# Dow's best day in 5-1/2 years + 416



## agro (12 March 2008)

about time as i was starting to get worried!

looking at the iaps most stocks are already up 2-5% and it's only 8.15 EST

have a good day all 

------------------

NEW YORK (CNNMoney.com) -- Stocks rallied Tuesday as investors welcomed news that the Federal Reserve will lend up to $200 billion to banks and lenders as a means of loosening up tight credit markets.

According to early tallies, the Dow Jones industrial average (INDU) jumped almost 417 points, its fourth-biggest one-day point gain ever and the biggest one-day point gain since July 2002. In percentage terms, the gain of 3.55% was the best since March 2003.

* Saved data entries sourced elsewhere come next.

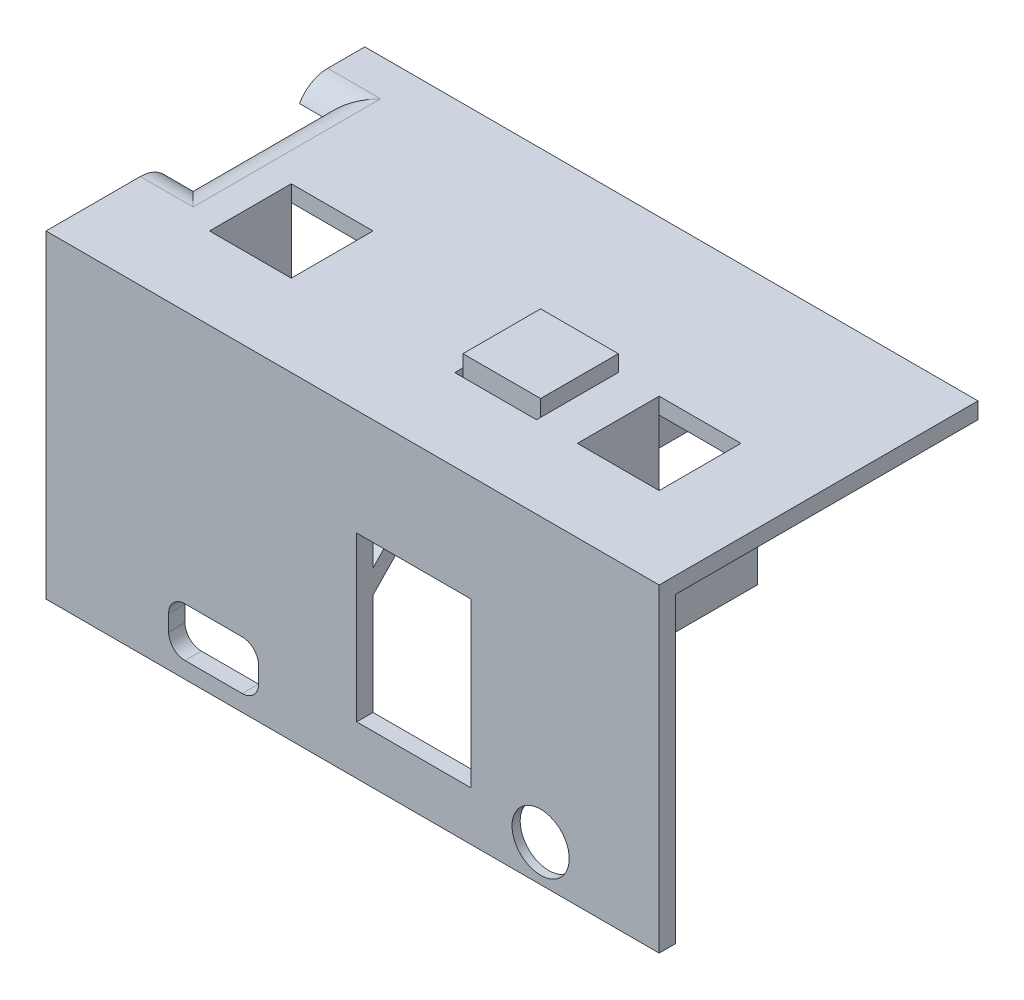
SolidWorks part; units mm, degrees
ref_plane "Front Plane" through (0, 0, 0) normal (0, 0, 1) x (1, 0, 0)
ref_plane "Top Plane" through (0, 0, 0) normal (0, 1, 0) x (1, 0, 0)
ref_plane "Right Plane" through (0, 0, 0) normal (1, 0, 0) x (0, 0, -1)
sketch "Sketch1" plane through (0, 0, 0) normal (0, 0, 1) x (1, 0, 0)
  line L1 (-37.5, 19.5) -> (37.5, 19.5)
  line L2 (-37.5, 19.5) -> (-37.5, -19.5)
  line L3 (-37.5, -19.5) -> (37.5, -19.5)
  line L4 (37.5, 19.5) -> (37.5, -19.5)
  point P4 (37.5, 0)
  point P6 (0, -19.5)
  dimension "D1" = 75
  dimension "D2" = 39
extrude "Boss-Extrude1" add sketch "Sketch1" along normal blind 2
sketch "Sketch2" plane through (0, 0, 0) normal (0, 0, -1) x (-1, 0, 0)
  line L0 (37.5, 19.5) -> (37.5, -19.5) construction
  line L1 (-37.5, 19.5) -> (37.5, 19.5)
  line L2 (-37.5, 19.5) -> (-37.5, 17.5)
  line L3 (-37.5, 17.5) -> (37.5, 17.5)
  line L4 (37.5, 19.5) -> (37.5, 17.5)
  dimension "D1" = 2
extrude "Boss-Extrude2" add sketch "Sketch2" along normal blind 38
sketch "Sketch4" plane through (0, 0, 2) normal (0, 0, 1) x (1, 0, 0)
  line L0 (37.5, -10.5) -> (28.5, -10.5) construction
  line L1 (37.5, -19.5) -> (37.5, 19.5) construction
  line L2 (28.5, -10.5) -> (28.5, -19.5) construction
  line L3 (-37.5, -19.5) -> (37.5, -19.5) construction
  line L4 (23, -19.5) -> (23, -15) construction
  line L5 (-37.5, 19.5) -> (-37.5, -19.5) construction
  line L6 (37.5, 19.5) -> (-37.5, 19.5) construction
  line L7 (-22.5, -11.5) -> (-11.5, -11.5)
  line L8 (-22.5, -11.5) -> (-22.5, -17.5)
  line L9 (-22.5, -17.5) -> (-11.5, -17.5)
  line L10 (-11.5, -11.5) -> (-11.5, -17.5)
  circle A0 centre (23, -15) radius 3.5
  circle A1 centre (23, 4.5) radius 2.25
  dimension "D5" = 7
  dimension "D10" = 4.5
  dimension "D1" = 9
  dimension "D2" = 9
  dimension "D3" = 4.5
  dimension "D4" = 14.5
  dimension "D6" = 15
  dimension "D7" = 49
  dimension "D8" = 2
  dimension "D9" = 6
  dimension "D11" = 15
extrude "Cut-Extrude1" cut sketch "Sketch4" against normal up to surface (2 mm away) up to face at (0, -1, 0)
sketch "Sketch6" plane through (0, 19.5, 0) normal (0, 1, 0) x (1, 0, 0)
  line L0 (37.5, -2) -> (37.5, 38) construction
  line L1 (2.5, 18) -> (12.5, 18)
  line L2 (2.5, 18) -> (2.5, 8)
  line L3 (2.5, 8) -> (12.5, 8)
  line L4 (12.5, 18) -> (12.5, 8)
  line L5 (17.5, 18) -> (27.5, 18)
  line L6 (17.5, 18) -> (17.5, 8)
  line L7 (17.5, 8) -> (27.5, 8)
  line L8 (27.5, 18) -> (27.5, 8)
  line L9 (37.5, -2) -> (-37.5, -2) construction
  line L10 (-37.5, -2) -> (-37.5, 38) construction
  line L11 (-27.5, 18) -> (-17.5, 18)
  line L12 (-27.5, 18) -> (-27.5, 8)
  line L13 (-27.5, 8) -> (-17.5, 8)
  line L14 (-17.5, 18) -> (-17.5, 8)
  dimension "D1" = 10
  dimension "D2" = 10
  dimension "D3" = 5
  dimension "D4" = 10
  dimension "D5" = 10
  dimension "D6" = 10
  dimension "D7" = 10
  dimension "D8" = 10
  dimension "D9" = 10
  dimension "D10" = 10
  dimension "D11" = 10
  dimension "D12" = 10
extrude "Cut-Extrude2" cut sketch "Sketch6" against normal up to surface (2 mm away) up to face at (0, 17.5, -19)
sketch "Sketch7" plane through (0, 17.5, 0) normal (0, -1, 0) x (1, 0, 0)
  line L0 (12.5, -18) -> (12.5, -8) construction
  line L2 (17.5, -8) -> (17.5, -18)
  line L3 (17.5, -18) -> (15.5, -18)
  line L4 (15.5, -8) -> (15.5, -18)
  line L6 (27.5, -8) -> (27.5, -18)
  line L7 (27.5, -18) -> (29.5, -18)
  line L8 (29.5, -8) -> (29.5, -18)
  line L9 (17.5, -8) -> (27.5, -8)
  line L10 (15.5, -8) -> (15.5, -6)
  line L11 (15.5, -6) -> (29.5, -6)
  line L12 (29.5, -8) -> (29.5, -6)
  line L14 (2.5, -8) -> (2.5, -18)
  line L15 (2.5, -18) -> (0.5, -18)
  line L16 (0.5, -8) -> (0.5, -18)
  line L17 (12.5, -18) -> (14.5, -18)
  line L18 (12.5, -18) -> (12.5, -8)
  line L20 (14.5, -18) -> (14.5, -8)
  line L22 (12.5, -8) -> (2.5, -8)
  line L23 (14.5, -8) -> (14.5, -6)
  line L24 (14.5, -6) -> (0.5, -6)
  line L25 (0.5, -8) -> (0.5, -6)
  line L27 (-17.5, -8) -> (-17.5, -18)
  line L28 (-17.5, -18) -> (-15.5, -18)
  line L29 (-15.5, -8) -> (-15.5, -18)
  line L30 (-27.5, -18) -> (-29.5, -18)
  line L31 (-27.5, -18) -> (-27.5, -8)
  line L33 (-29.5, -18) -> (-29.5, -8)
  line L34 (-27.5, -8) -> (-17.5, -8)
  line L35 (-29.5, -8) -> (-29.5, -6)
  line L36 (-29.5, -6) -> (-15.5, -6)
  line L37 (-15.5, -8) -> (-15.5, -6)
  dimension "D1" = 2
  dimension "D2" = 2
  dimension "D3" = 2
  dimension "D4" = 2
  dimension "D5" = 2
  dimension "D6" = 2
  dimension "D7" = 2
  dimension "D8" = 2
  dimension "D9" = 2
extrude "Boss-Extrude3" add sketch "Sketch7" along normal blind 10
sketch "Sketch8" plane through (0, 7.5, 0) normal (0, -1, 0) x (1, 0, 0)
  line L1 (-29.5, -6) -> (-15.5, -6)
  line L2 (-29.5, -6) -> (-29.5, -18)
  line L3 (-29.5, -18) -> (-15.5, -18)
  line L4 (-15.5, -6) -> (-15.5, -18)
  line L5 (0.5, -6) -> (14.5, -6)
  line L6 (0.5, -6) -> (0.5, -18)
  line L7 (0.5, -18) -> (14.5, -18)
  line L8 (14.5, -6) -> (14.5, -18)
  line L9 (15.5, -6) -> (29.5, -6)
  line L10 (15.5, -6) -> (15.5, -18)
  line L11 (15.5, -18) -> (29.5, -18)
  line L12 (29.5, -6) -> (29.5, -18)
extrude "Boss-Extrude4" add sketch "Sketch8" along normal blind 2
sketch "Sketch9" plane through (0, 17.5, 0) normal (0, -1, 0) x (1, 0, 0)
  line L1 (2.5, -18) -> (12.5, -18)
  line L5 (2.5, -8) -> (12.5, -8)
  line L6 (2.5, -8) -> (2.5, -18)
  line L7 (2.5, -18) -> (12.5, -18)
  line L8 (12.5, -8) -> (12.5, -18)
  line L12 (2.5, -18) -> (12.5, -18) construction
  line L13 (0.5, -6) -> (0.5, -18) construction
  line M10 (12.5, -18) -> (2.5, -18)
  dimension "D1" = 10
  dimension "D2" = 10
  dimension "D3" = 0
  dimension "D4" = 2
extrude "Boss-Extrude5" add sketch "Sketch9" against normal blind 4 separate body contours L8 L5 L6 M10
sketch "Sketch10" plane through (0, 17.5, 0) normal (0, -1, 0) x (1, 0, 0)
  line L19 (2.6, -8.1) -> (12.5, -8.1)
  line L21 (2.6, -8.1) -> (12.5, -8.1)
  line L22 (2.6, -8.1) -> (2.6, -18)
  line L23 (2.6, -18) -> (12.5, -18)
  line L24 (12.5, -8.1) -> (12.5, -18)
  line L25 (4.6, -10.1) -> (10.5, -10.1)
  line L26 (4.6, -10.1) -> (4.6, -16)
  line L27 (4.6, -16) -> (10.5, -16)
  line L28 (10.5, -10.1) -> (10.5, -16)
  line M3 (12.5, -18) -> (12.5, -8)
  line M6 (2.5, -18) -> (12.5, -18)
  dimension "D1" = 9.9
  dimension "D2" = 9.9
  dimension "D3" = 2
  dimension "D4" = 2
  dimension "D5" = 2
  dimension "D6" = 2
extrude "Boss-Extrude9" add sketch "Sketch10" along normal blind 2 contours L19 L22 L25 L28 L27 L26 M6 M3
sketch "Sketch11" plane through (0, 0, -18) normal (0, 0, -1) x (-1, 0, 0)
  line L0 (-12.5, 7.5) -> (-12.5, 17.5) construction
  line L1 (-2.6, 15.5) -> (-12.5, 15.5)
  line L2 (-2.6, 15.5) -> (-2.6, 17.35)
  line L3 (-2.6, 17.35) -> (-12.5, 17.35)
  line L4 (-12.5, 15.5) -> (-12.5, 17.35)
  dimension "D1" = 1.85
extrude "Boss-Extrude10" add sketch "Sketch11" along normal blind 4
sketch "Sketch12" plane through (0, 0, 0) normal (0, 0, -1) x (-1, 0, 0)
  circle A0 centre (-23, 4.5) radius 2.25
  circle A1 centre (-23, 4.5) radius 4.25
  dimension "D1" = 2
extrude "Boss-Extrude11" add sketch "Sketch12" along normal blind 2
sketch "Sketch16" plane through (0, 0, 0) normal (0, 0, -1) x (-1, 0, 0)
  line L0 (37.5, -19.5) -> (-23, -19.5) construction
  line L1 (11.5, -11.5) -> (22.5, -11.5)
  line L2 (11.5, -11.5) -> (11.5, -17.5)
  line L3 (11.5, -17.5) -> (22.5, -17.5)
  line L4 (22.5, -11.5) -> (22.5, -17.5)
  line L5 (10, -10) -> (24, -10)
  line L6 (10, -10) -> (10, -19.5)
  line L7 (10, -19.5) -> (24, -19.5)
  line L8 (24, -10) -> (24, -19.5)
  dimension "D1" = 1.5
  dimension "D2" = 1.5
  dimension "D3" = 1.5
extrude "Boss-Extrude13" add sketch "Sketch16" along normal blind 2
sketch "Sketch17" plane through (0, 17.5, 0) normal (0, -1, 0) x (1, 0, 0)
  line L0 (2.5, -8) -> (12.5, -8) construction
  line L1 (2.5, -18) -> (2.6, -18)
  line L2 (2.5, -18) -> (2.5, -8)
  line L3 (2.5, -8) -> (2.6, -8)
  line L4 (2.6, -18) -> (2.6, -8.1)
  line L6 (2.5, -8) -> (12.5, -8)
  line L7 (2.5, -8) -> (2.5, -8.1)
  line L8 (2.6, -8.1) -> (12.5, -8.1)
  line L9 (12.5, -8) -> (12.5, -8.1)
  line M7 (2.6, -18) -> (2.6, -8.1)
  line M8 (2.6, -8.1) -> (12.5, -8.1)
  line M9 (12.5, -8.1) -> (12.5, -8)
  line M10 (12.5, -8) -> (2.5, -8)
  line M11 (2.5, -8) -> (2.5, -18)
  line M12 (2.5, -18) -> (2.6, -18)
extrude "Cut-Extrude3" cut sketch "Sketch17" against normal through all contours L2 M12 M7 M8 M9 M10 M11
fillet "Fillet1" radius 2 4 edges at (-22.5, -17.5, 0) (-22.5, -11.5, 0) (-11.5, -17.5, 0) (-11.5, -11.5, 0)
fillet "Fillet2" radius 2 2 edges at (-24, -10, -1) (-10, -10, -1)
ref_plane "Plane1" through (0, 0, 0) normal (-1, 0, 0) x (0, 0, 1)
sketch "Sketch18" plane through (0, 0, 0) normal (-1, 0, 0) x (0, 0, 1)
  line L0 (-15.1663, 17.5) -> (0, 1.7996)
  line L5 (-17.9471, 17.5) -> (0, -1.079)
  line L6 (-38, 17.5) -> (0, 17.5) construction
  line L7 (0, 17.5) -> (0, -19.5) construction
  line L8 (-17.9471, 17.5) -> (-15.1663, 17.5)
  line L9 (0, -1.079) -> (0, 1.7996)
  dimension "D3" = 2
extrude "Boss-Extrude14" add sketch "Sketch18" along normal blind 2 and the other way blind 2
sketch "Sketch19" plane through (0, 0, 0) normal (0, 0, -1) x (-1, 0, 0)
  line L1 (-14.5, 6.5) -> (-0.5, 6.5)
  line L2 (-14.5, 6.5) -> (-14.5, -13.5)
  line L3 (-14.5, -13.5) -> (-0.5, -13.5)
  line L4 (-0.5, 6.5) -> (-0.5, -13.5)
  line L5 (10, -19.5) -> (-37.5, -19.5) construction
  line L6 (-37.5, -19.5) -> (-37.5, 17.5) construction
  dimension "D1" = 14
  dimension "D2" = 20
  dimension "D3" = 6
  dimension "D4" = 23
extrude "Cut-Extrude4" cut sketch "Sketch19" against normal blind 10 and the other way blind 7
sketch "Sketch22" plane through (0, 0, -38) normal (0, 0, -1) x (-1, 0, 0)
  line L0 (37.5, 19.5) -> (-37.5, 19.5) construction
  line L1 (-29.5, 5.5) -> (-15.5, 5.5)
  line L2 (-29.5, 5.5) -> (-29.5, 19.5)
  line L3 (-29.5, 19.5) -> (-15.5, 19.5)
  line L4 (-15.5, 5.5) -> (-15.5, 19.5)
  line L5 (37.5, 17.5) -> (37.5, -19.5) construction
  line L6 (29.5, 5.5) -> (15.5, 5.5)
  line L7 (29.5, 5.5) -> (29.5, 19.5)
  line L8 (29.5, 19.5) -> (15.5, 19.5)
  line L9 (15.5, 5.5) -> (15.5, 19.5)
  line L10 (-37.5, -19.5) -> (-37.5, 17.5) construction
  dimension "D1" = 14
  dimension "D2" = 14
  dimension "D3" = 8
  dimension "D4" = 8
  dimension "D5" = 14
extrude "Boss-Extrude15" add sketch "Sketch22" against normal blind 3
fillet "Fillet3" radius 7 4 edges at (-29.5, 5.5, -36.5) (-15.5, 5.5, -36.5) (15.5, 5.5, -36.5) (29.5, 5.5, -36.5)
sketch "Sketch23" plane through (0, 0, -38) normal (0, 0, -1) x (-1, 0, 0)
  circle A0 centre (-22.5, 12.5) radius 3.05
  circle A1 centre (22.5, 12.5) radius 3.05
  dimension "D1" = 6.1
  dimension "D2" = 6.1
extrude "Cut-Extrude6" cut sketch "Sketch23" against normal blind 4
sketch "Sketch24" plane through (0, 5.5, 0) normal (0, -1, 0) x (1, 0, 0)
  line L1 (15.5, -6) -> (14.5, -6)
  line L2 (15.5, -6) -> (15.5, -18)
  line L3 (15.5, -18) -> (14.5, -18)
  line L4 (14.5, -6) -> (14.5, -18)
extrude "Boss-Extrude16" add sketch "Sketch24" against normal up to surface (12 mm away) up to face at (0, 17.5, -30.6667)
sketch "Sketch25" plane through (0, 0, -2) normal (0, 0, -1) x (-1, 0, 0)
  line L0 (-31.1594, -19.4878) -> (-14.8406, -19.4878)
  line L1 (10, -19.5) -> (24, -19.5)
  line L2 (10, -19.5) -> (10, -9.8075)
  line L3 (10, -9.8075) -> (24, -9.8075)
  line L4 (24, -19.5) -> (24, -9.8075)
  line L5 (-31.1594, -19.4878) -> (-31.1594, -10.5122)
  line L6 (-14.8406, -19.4878) -> (-14.8406, -10.5122)
  line L7 (-31.1594, -10.5122) -> (-14.8406, -10.5122)
  line L8 (-31.1594, -19.4878) -> (-14.8406, -10.5122) construction
  line L9 (-14.8406, -19.4878) -> (-31.1594, -10.5122) construction
  point P6 (-23, -15)
extrude "Cut-Extrude7" cut sketch "Sketch25" against normal blind 2
sketch "Sketch26" plane through (0, 0, -2) normal (0, 0, -1) x (-1, 0, 0)
  circle A0 centre (-23, 4.5) radius 4.25
extrude "Cut-Extrude8" cut sketch "Sketch26" against normal up to surface (2 mm away) up to face at (0, -1, 0)
sketch "Sketch27" plane through (0, 0, 2) normal (0, 0, 1) x (1, 0, 0)
  circle A0 centre (23, 4.5) radius 2.25
extrude "Boss-Extrude17" add sketch "Sketch27" along a picked direction on the side against the normal up to surface (2 mm away)
sketch "Sketch28" plane through (0, 0, -38) normal (0, 0, -1) x (-1, 0, 0)
  line L1 (-42.4925, 24.9847) -> (43.0335, 24.9847)
  line L2 (-42.4925, 24.9847) -> (-42.4925, -1.8022)
  line L3 (-42.4925, -1.8022) -> (43.0335, -1.8022)
  line L4 (43.0335, 24.9847) -> (43.0335, -1.8022)
extrude "Cut-Extrude9" cut sketch "Sketch28" against normal blind 1
sketch "Sketch29" plane through (0, 0, -35) normal (0, 0, 1) x (1, 0, 0)
  line L1 (15.5, 17.5) -> (29.5, 17.5)
  line L2 (15.5, 17.5) -> (15.5, 12.5)
  line L4 (29.5, 17.5) -> (29.5, 12.5)
  arc A0 (15.5, 12.5) -> (29.5, 12.5) centre (22.5, 12.5) ccw
extrude "Boss-Extrude18" add sketch "Sketch29" along normal blind 1
mirror "Mirror1" about plane through (0, 0, 0) normal (-1, 0, 0) of "Boss-Extrude18"
sketch "Sketch30" plane through (0, 21.5, 0) normal (0, 1, 0) x (1, 0, 0)
  line L0 (2.5, 8) -> (12.5, 8) construction
  line L1 (2.5, 18) -> (3, 18)
  line L2 (2.5, 18) -> (2.5, 8)
  line L4 (3, 18) -> (3, 8.5)
  line L6 (12.5, 8) -> (2.5, 8)
  line L7 (12.5, 8) -> (12.5, 8.5)
  line L8 (12.5, 8.5) -> (3, 8.5)
  dimension "D1" = 0.5
  dimension "D2" = 0.5
extrude "Cut-Extrude10" cut sketch "Sketch30" against normal blind 10
sketch "Sketch31" plane through (0, 0, 0) normal (0, 0, -1) x (-1, 0, 0)
  line L0 (37.5, -19.5) -> (-37.5, -19.5) construction
  line L1 (-32, -10.5) -> (-17, -10.5)
  line L2 (-32, -10.5) -> (-32, -19.5)
  line L3 (-32, -19.5) -> (-17, -19.5)
  line L4 (-17, -10.5) -> (-17, -19.5)
  circle A0 centre (-23, -15) radius 3.5 construction
  circle A1 centre (-23, -15) radius 3.5
  dimension "D3" = 6
  dimension "D4" = 7
  dimension "D1" = 15
  dimension "D2" = 9
extrude "Cut-Extrude11" cut sketch "Sketch31" against normal blind 1
sketch "Sketch32" plane through (0, 17.5, 0) normal (0, -1, 0) x (1, 0, 0)
  line L0 (-37.5, -37) -> (37.5, -37) construction
  line L1 (-10, -24) -> (10, -24)
  line L2 (-10, -24) -> (-10, -32)
  line L3 (-10, -32) -> (10, -32)
  line L4 (10, -24) -> (10, -32)
  point P8 (0, -37)
  point P9 (0, -32)
  dimension "D1" = 20
  dimension "D2" = 8
  dimension "D3" = 5
extrude "Cut-Extrude12" cut sketch "Sketch32" against normal blind 1
sketch "Sketch33" plane through (0, 6.5, 0) normal (0, -1, 0) x (1, 0, 0)
  line L0 (0.5, -7) -> (0.5, -4.5405) construction
  line L1 (14.5, -7) -> (0.5, -7)
  line L2 (14.5, -7) -> (14.5, -5.7703)
  line L3 (14.5, -5.7703) -> (0.5, -5.7703)
  line L4 (0.5, -7) -> (0.5, -5.7703)
sketch "Sketch34" plane through (0, 5.5, 0) normal (0, -1, 0) x (1, 0, 0)
  line L0 (0.5, -7) -> (0.5, -4.5405) construction
  line L1 (14.5, -7) -> (0.5, -7)
  line L2 (14.5, -7) -> (14.5, -6)
  line L3 (14.5, -6) -> (0.5, -6)
  line L4 (0.5, -7) -> (0.5, -6)
  line L5 (29.5, -6) -> (0.5, -6) construction
extrude "Boss-Extrude19" add sketch "Sketch34" along normal up to surface (1 mm away)
sketch "Sketch35" plane through (0, 19.5, 0) normal (0, 1, 0) x (1, 0, 0)
  line L0 (-37.5, -2) -> (-37.5, 37) construction
  line L1 (-37.5, 29) -> (-34.5, 29)
  line L2 (-37.5, 29) -> (-37.5, 13)
  line L3 (-37.5, 13) -> (-34.5, 13)
  line L4 (-34.5, 29) -> (-34.5, 13)
  line L5 (-37.5, 37) -> (37.5, 37) construction
  dimension "D1" = 16
  dimension "D2" = 3
  dimension "D3" = 8
extrude "Cut-Extrude13" cut sketch "Sketch35" against normal through all
fillet "Fillet4" radius 4 3 edges at (-36, 19.5, -13) (-36, 19.5, -29) (-34.5, 19.5, -21)
sketch "Sketch36" plane through (0, 15.5, 0) normal (0, -1, 0) x (1, 0, 0)
  line L0 (12.5, -22) -> (2.6, -22) construction
  line L1 (3, -18) -> (2.6, -18)
  line L2 (3, -18) -> (3, -22)
  line L3 (3, -22) -> (2.6, -22)
  line L4 (2.6, -18) -> (2.6, -22)
  line L5 (2.6, -18) -> (2.6, -22) construction
extrude "Cut-Extrude14" cut sketch "Sketch36" against normal blind 10
sketch "Sketch37" plane through (0, 17.5, 0) normal (0, -1, 0) x (1, 0, 0)
  line L0 (-10, -32) -> (-10, -33)
  line L1 (-10, -24) -> (10, -24)
  line L3 (-10, -32) -> (10, -32)
  line L4 (10, -24) -> (10, -32)
  line L5 (-10, -23) -> (12, -23)
  line L6 (-10, -23) -> (-10, -24)
  line L7 (-10, -33) -> (12, -33)
  line L8 (12, -23) -> (12, -33)
  dimension "D1" = 1
  dimension "D2" = 1
  dimension "D3" = 2
extrude "Boss-Extrude20" add sketch "Sketch37" along normal blind 7 separate body
sketch "Sketch38" plane through (0, 10.5, 0) normal (0, -1, 0) x (1, 0, 0)
  line L1 (-10, -23) -> (12, -23)
  line L2 (-10, -23) -> (-10, -33)
  line L3 (-10, -33) -> (12, -33)
  line L4 (12, -23) -> (12, -33)
extrude "Boss-Extrude21" add sketch "Sketch38" along normal blind 2

The blue-chip index had ended the previous session at a 17-month low.

http://money.cnn.com/2008/03/11/markets/markets_afternoon/index.htm


----------



## theasxgorilla (12 March 2008)

Should I roll this in with the 'stupid americans' thread? 

Sorry, I'm a mod, I should know better.


----------



## saichuen (12 March 2008)

Just curious here, where do you think the Fed is going to get this money from? 

Happy trading!


----------



## Porper (12 March 2008)

agro said:


> about time as i was starting to get worried!
> 
> looking at the iaps most stocks are already up 2-5% and it's only 8.15 EST
> 
> ...




Yes, we were all worried over nothing, we will fly to all time highs within 3 weeks.

Just incase anyone took my comments seriously, I am being sarcastic.

At least it will provide another good shorting opportunity shortly.


----------



## cuttlefish (12 March 2008)

Its ok, its all AAA debt! *LOL!*  (The banks told me so ... and Ambac and S&P agreed ... move along ... nothing going on here lol)

(for the less astute yes that was more sarcasm)


----------